By Lisa Mascaro and Noah Bierman -Tribune Washington Bureau
California State University Chancellor Timothy White released a statement recently encouraging eligible students with Deferred Action for Childhood Arrivals, or DACA, to submit a renewal application before Oct. 5.
On Sept. 5, U.S. Attorney General Jeff Sessions announced DACA would be phased out over the next six months.
“Renewal of your DACA status may be your only opportunity to obtain an additional two years of deportation protection and legal work authorization,” White said.
On Sunday evening, about 200 people protested in support of the DACA program Fresno’s Tower District. The organizer, Sophia Bautista, is a Fresno City College student.
“It’s a really politically charged issue, but I don’t think it’s partisan as all,” she said about President Donald Trump reportedly working with Democrats to reach an agreement to secure the program’s future.
On Sept. 13, Democratic leaders said they had reached an agreement with Trump to provide legal status for 800,000 immigrants with DACA who came to the country illegally as children, part of a package that would include border security but not money for a wall on the Mexican border.
The deal would need to be approved by Congress. But it could provide further momentum to a budding movement toward bipartisanship that began when Trump reached a fiscal agreement with Democrats to keep the government open to early December and authorize enough borrowing to pay the nation’s debts.
House Minority Leader Nancy Pelosi of California and Senate Minority Leader Chuck Schumer of New York said in a joint statement that the two sides agreed to write into law protections from deportation for the so-called Dreamers, which would be incorporated into a broader measure that would beef up border security.
Pelosi and Schumer said the deal would not include Trump’s signature promise to build a border wall, loathed by Democrats.

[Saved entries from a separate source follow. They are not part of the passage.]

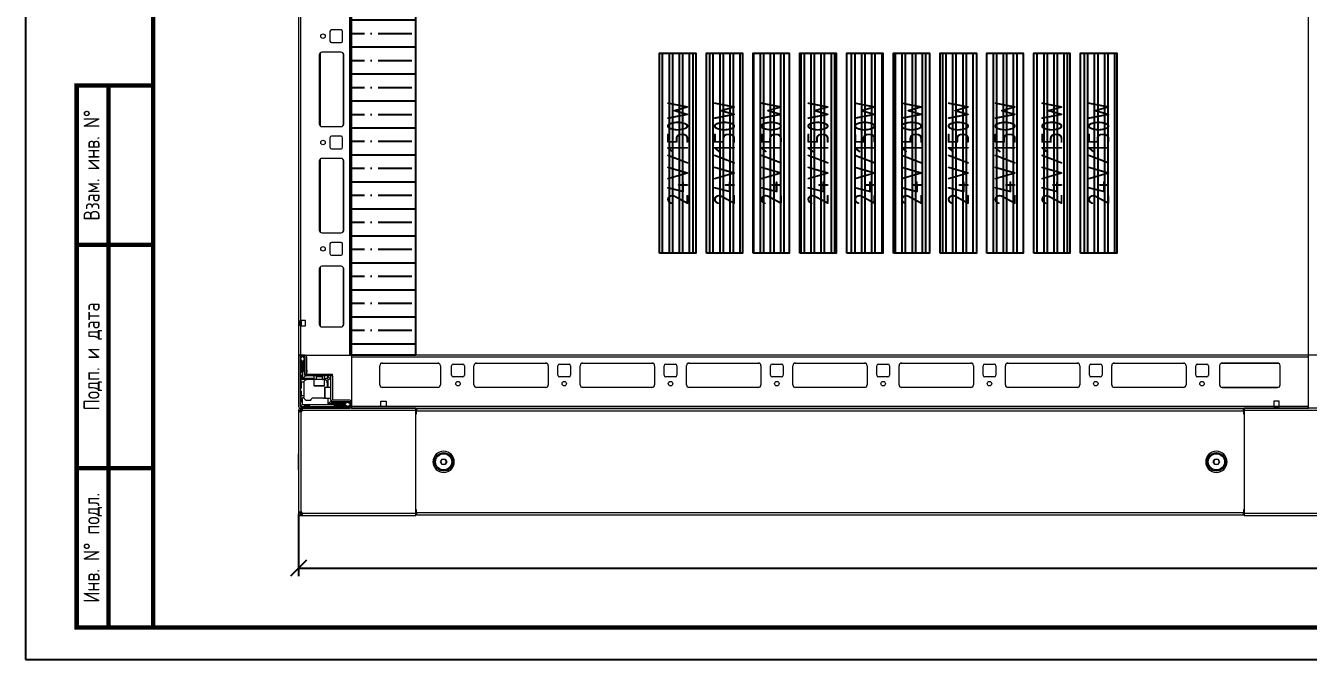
# Model space of a CAD drawing. Header units: millimetres. Extents: x -174 to 283928, y 1291 to 21053.
# Drawn here: x 8955 to 10162, y 18533 to 19129 of the extents above; entities that cross this region are included whole.
import ezdxf
from ezdxf.enums import TextEntityAlignment as Align

# ---------------------------------------------------------------- set-up
doc = ezdxf.new("R2010")
doc.units = ezdxf.units.MM
doc.layers.add('0_Рамка', color=7, linetype='Continuous')
doc.styles.get("Standard").update_dxf_attribs({"font": 'arial.ttf'})
doc.styles.add('Unecom', font='GOST2304A.ttf', dxfattribs={"height": 2.5})
doc.styles.add('СПДС', font='isocpeur.ttf', dxfattribs={"width": 0.8, "height": 2.5})
doc.dimstyles.new('ISO-25', dxfattribs={"dimtxt": 2.5, "dimasz": 2.5, "dimexe": 1.25, "dimexo": 0.625, "dimtad": 1, "dimtxsty": 'Standard', "dimcen": 2.5, "dimadec": 0, "dimazin": 0, "dimtfac": 1, "dimtmove": 0, "dimatfit": 3, "dimfxl": 1, "dimarcsym": 0})

# ---------------------------------------------------------------- blocks, each defined once
blk = doc.blocks.new('*U198')
at = {"color": 0, "linetype": 'Continuous', "lineweight": 0}
for p, q in [((0, 2198.4), (0, 50)), ((2, 2150), (2, 50)), ((48, 2150), (48, 50)), ((50, 2150), (50, 1.6)), ((950, 50), (950, 2150)), ((29.5, 354.5), (29.5, 345.5)), ((40, 356), (31, 356)), ((41.5, 345.5), (41.5, 354.5)), ((31, 344), (40, 344)), ((19.5, 332.5), (19.5, 267.5)), ((20.5, 334.5), (20.5, 265.5)), ((40, 335), (22, 335)), ((42, 334), (42, 266)), ((42.5, 267.5), (42.5, 332.5)), ((22, 265), (40, 265)), ((29.5, 254.5), (29.5, 245.5)), ((40, 256), (31, 256)), ((41.5, 245.5), (41.5, 254.5)), ((31, 244), (40, 244)), ((19.5, 232.5), (19.5, 167.5)), ((20.5, 234.5), (20.5, 165.5)), ((40, 235), (22, 235)), ((42, 234), (42, 166)), ((42.5, 167.5), (42.5, 232.5)), ((22, 165), (40, 165)), ((29.5, 154.5), (29.5, 145.5)), ((40, 156), (31, 156)), ((41.5, 145.5), (41.5, 154.5)), ((20.5, 133), (20.5, 77)), ((40, 133.5), (22, 133.5)), ((31, 144), (40, 144)), ((19.5, 131), (19.5, 79)), ((42, 132.5), (42, 77.5)), ((42.5, 79), (42.5, 131)), ((1.5, 82.5), (2, 82.5)), ((1.5, 77.5), (1.5, 82.5)), ((2, 77.5), (1.5, 77.5)), ((6.5, 82.5), (2, 82.5)), ((2, 77.5), (2, 50)), ((2, 77.5), (6.5, 77.5)), ((2.5, 82.5), (2.5, 77.5)), ((6.5, 77.5), (6.5, 82.5)), ((22, 76.5), (40, 76.5)), ((0, 50), (2, 50)), ((2, 50), (48, 50)), ((48, 50), (50, 50)), ((952, 50), (950, 50))]:
    blk.add_line(p, q, dxfattribs=at)
at = {"color": 0, "linetype": 'Continuous', "lineweight": 15}
for p, q in [((0, 48.4), (0, 1.6)), ((0.1, 50), (0.1, 48.9)), ((1.6, 50), (0.1, 50)), ((1.5, 48.4), (1.5, 1.6)), ((5.9, 50), (1.6, 50)), ((5.9, 48.5), (1.6, 48.5)), ((3, 48.5), (1.7, 46.4)), ((5.5, 46), (4.5, 48.5)), ((6, 32.1), (6, 48.4)), ((7.5, 32.1), (7.5, 48.4)), ((998.4, 50), (50, 50)), ((50, 50), (50, 48.4)), ((50, 48.4), (950, 48.4)), ((50, 48.4), (50, 1.6)), ((950, 48.4), (950, 50)), ((950, 1.6), (950, 48.4)), ((1.7, 46.4), (1.5, 46)), ((2.5, 44), (1.5, 45)), ((1.7, 46.4), (3.5, 43.5)), ((2.5, 34), (2.5, 44)), ((3.5, 43.5), (3.5, 27)), ((3.5, 43.5), (4, 43.5)), ((4, 43.5), (5.5, 45.9)), ((4, 28), (4, 43.5)), ((5, 44), (5, 35)), ((5.5, 45.9), (5.5, 46)), ((5.5, 44.5), (5.5, 45.9)), ((7.8, 32), (7.8, 48)), ((76.5, 22), (76.5, 40)), ((78.3, 42.4), (131.7, 42.4)), ((79, 42.5), (131, 42.5)), ((133.5, 40), (133.5, 22)), ((144, 31), (144, 40)), ((145.5, 41.5), (154.5, 41.5)), ((156, 40), (156, 31)), ((165, 22), (165, 40)), ((166.8, 42.4), (233.2, 42.4)), ((167.5, 42.5), (232.5, 42.5)), ((235, 40), (235, 22)), ((244, 31), (244, 40)), ((245.5, 41.5), (254.5, 41.5)), ((256, 40), (256, 31)), ((265, 22), (265, 40)), ((266.8, 42.4), (333.2, 42.4)), ((267.5, 42.5), (332.5, 42.5)), ((335, 40), (335, 22)), ((344, 31), (344, 40)), ((345.5, 41.5), (354.5, 41.5)), ((356, 40), (356, 31)), ((365, 22), (365, 40)), ((366.8, 42.4), (433.2, 42.4)), ((367.5, 42.5), (432.5, 42.5)), ((435, 40), (435, 22)), ((444, 31), (444, 40)), ((445.5, 41.5), (454.5, 41.5)), ((456, 40), (456, 31)), ((465, 22), (465, 40)), ((466.8, 42.4), (533.2, 42.4)), ((467.5, 42.5), (532.5, 42.5)), ((535, 40), (535, 22)), ((544, 31), (544, 40)), ((545.5, 41.5), (554.5, 41.5)), ((556, 40), (556, 31)), ((565, 22), (565, 40)), ((566.8, 42.4), (633.2, 42.4)), ((567.5, 42.5), (632.5, 42.5)), ((635, 40), (635, 22)), ((644, 31), (644, 40)), ((645.5, 41.5), (654.5, 41.5)), ((656, 40), (656, 31)), ((665, 22), (665, 40)), ((666.8, 42.4), (733.2, 42.4)), ((667.5, 42.5), (732.5, 42.5)), ((735, 40), (735, 22)), ((744, 31), (744, 40)), ((745.5, 41.5), (754.5, 41.5)), ((756, 40), (756, 31)), ((765, 22), (765, 40)), ((766.8, 42.4), (833.2, 42.4)), ((767.5, 42.5), (832.5, 42.5)), ((835, 40), (835, 22)), ((844, 31), (844, 40)), ((845.5, 41.5), (854.5, 41.5)), ((856, 40), (856, 31)), ((866.5, 40), (866.5, 22)), ((868.3, 42.4), (921.7, 42.4)), ((921, 42.5), (869, 42.5)), ((923.5, 22), (923.5, 40)), ((1.5, 33), (2.5, 34)), ((2.5, 31), (1.5, 32)), ((2.5, 31), (2.5, 27)), ((3.5, 27), (2.5, 27)), ((2.5, 24.5), (2.5, 27)), ((5, 24.5), (2.5, 24.5)), ((2.5, 24.5), (2.5, 19)), ((14.5, 27), (3.5, 27)), ((6.5, 30.5), (4, 28)), ((14.5, 28), (4, 28)), ((5.5, 34.5), (5.5, 31.5)), ((7.6, 30.5), (6.5, 30.5)), ((7.6, 32), (32, 32)), ((32, 30.5), (7.6, 30.5)), ((8, 34), (8, 35.7)), ((14.5, 30.5), (14.5, 27)), ((14.5, 27), (14.5, 21.3)), ((24.5, 27), (14.5, 27)), ((16.5, 30.5), (16.5, 30.4)), ((16.5, 30.4), (17.1, 30)), ((22.5, 30.4), (16.5, 30.4)), ((17.1, 30), (16.5, 29.6)), ((16.5, 29.6), (16.5, 27.3)), ((22.5, 29.6), (16.5, 29.6)), ((16.5, 27.3), (21, 27.3)), ((17.4, 30), (17.1, 30)), ((21.9, 30), (17.4, 30)), ((21, 27.3), (22.5, 27.3)), ((21.9, 30), (22.5, 30.4)), ((22.5, 29.6), (21.9, 30)), ((22.5, 30.4), (22.5, 30.5)), ((22.5, 27.3), (22.5, 29.6)), ((24.5, 27), (24.5, 30.5)), ((27, 28), (24.5, 28)), ((24.5, 21.3), (24.5, 27)), ((27, 30.5), (27.7, 29.8)), ((27.7, 29.8), (27, 28)), ((28, 27), (27, 28)), ((29.8, 27.7), (27.7, 29.8)), ((28, 27), (29.8, 27.7)), ((28, 19.5), (28, 27)), ((29.8, 27.7), (30.5, 27)), ((30.5, 7.6), (30.5, 30.5)), ((32, 30.5), (30.5, 30.5)), ((32, 30.5), (32, 32)), ((32, 30.5), (32, 7.6)), ((154.5, 29.5), (145.5, 29.5)), ((254.5, 29.5), (245.5, 29.5)), ((354.5, 29.5), (345.5, 29.5)), ((454.5, 29.5), (445.5, 29.5)), ((554.5, 29.5), (545.5, 29.5)), ((654.5, 29.5), (645.5, 29.5)), ((754.5, 29.5), (745.5, 29.5)), ((854.5, 29.5), (845.5, 29.5)), ((2.5, 19), (1.5, 18)), ((1.5, 17), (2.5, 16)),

But White House Press Secretary Sarah Huckabee Sanders issued a Twitter statement denying that the wall was excluded from an agreement to replace DACA.
“While DACA and border security were both discussed, excluding the wall was certainly not agreed to,” Sanders wrote.
However, the administration has indicated in recent days that Trump would be open to pursuing border wall money in separate legislation to avoid holding up a bill to help immigrants under DACA, and Democrats were adamant that Trump had agreed.
“The President made clear he would continue pushing the wall, just not as part of this agreement,” tweeted Schumer spokesman Matt House.
Jessica Johnson and Daniel Avalos contributed to this story.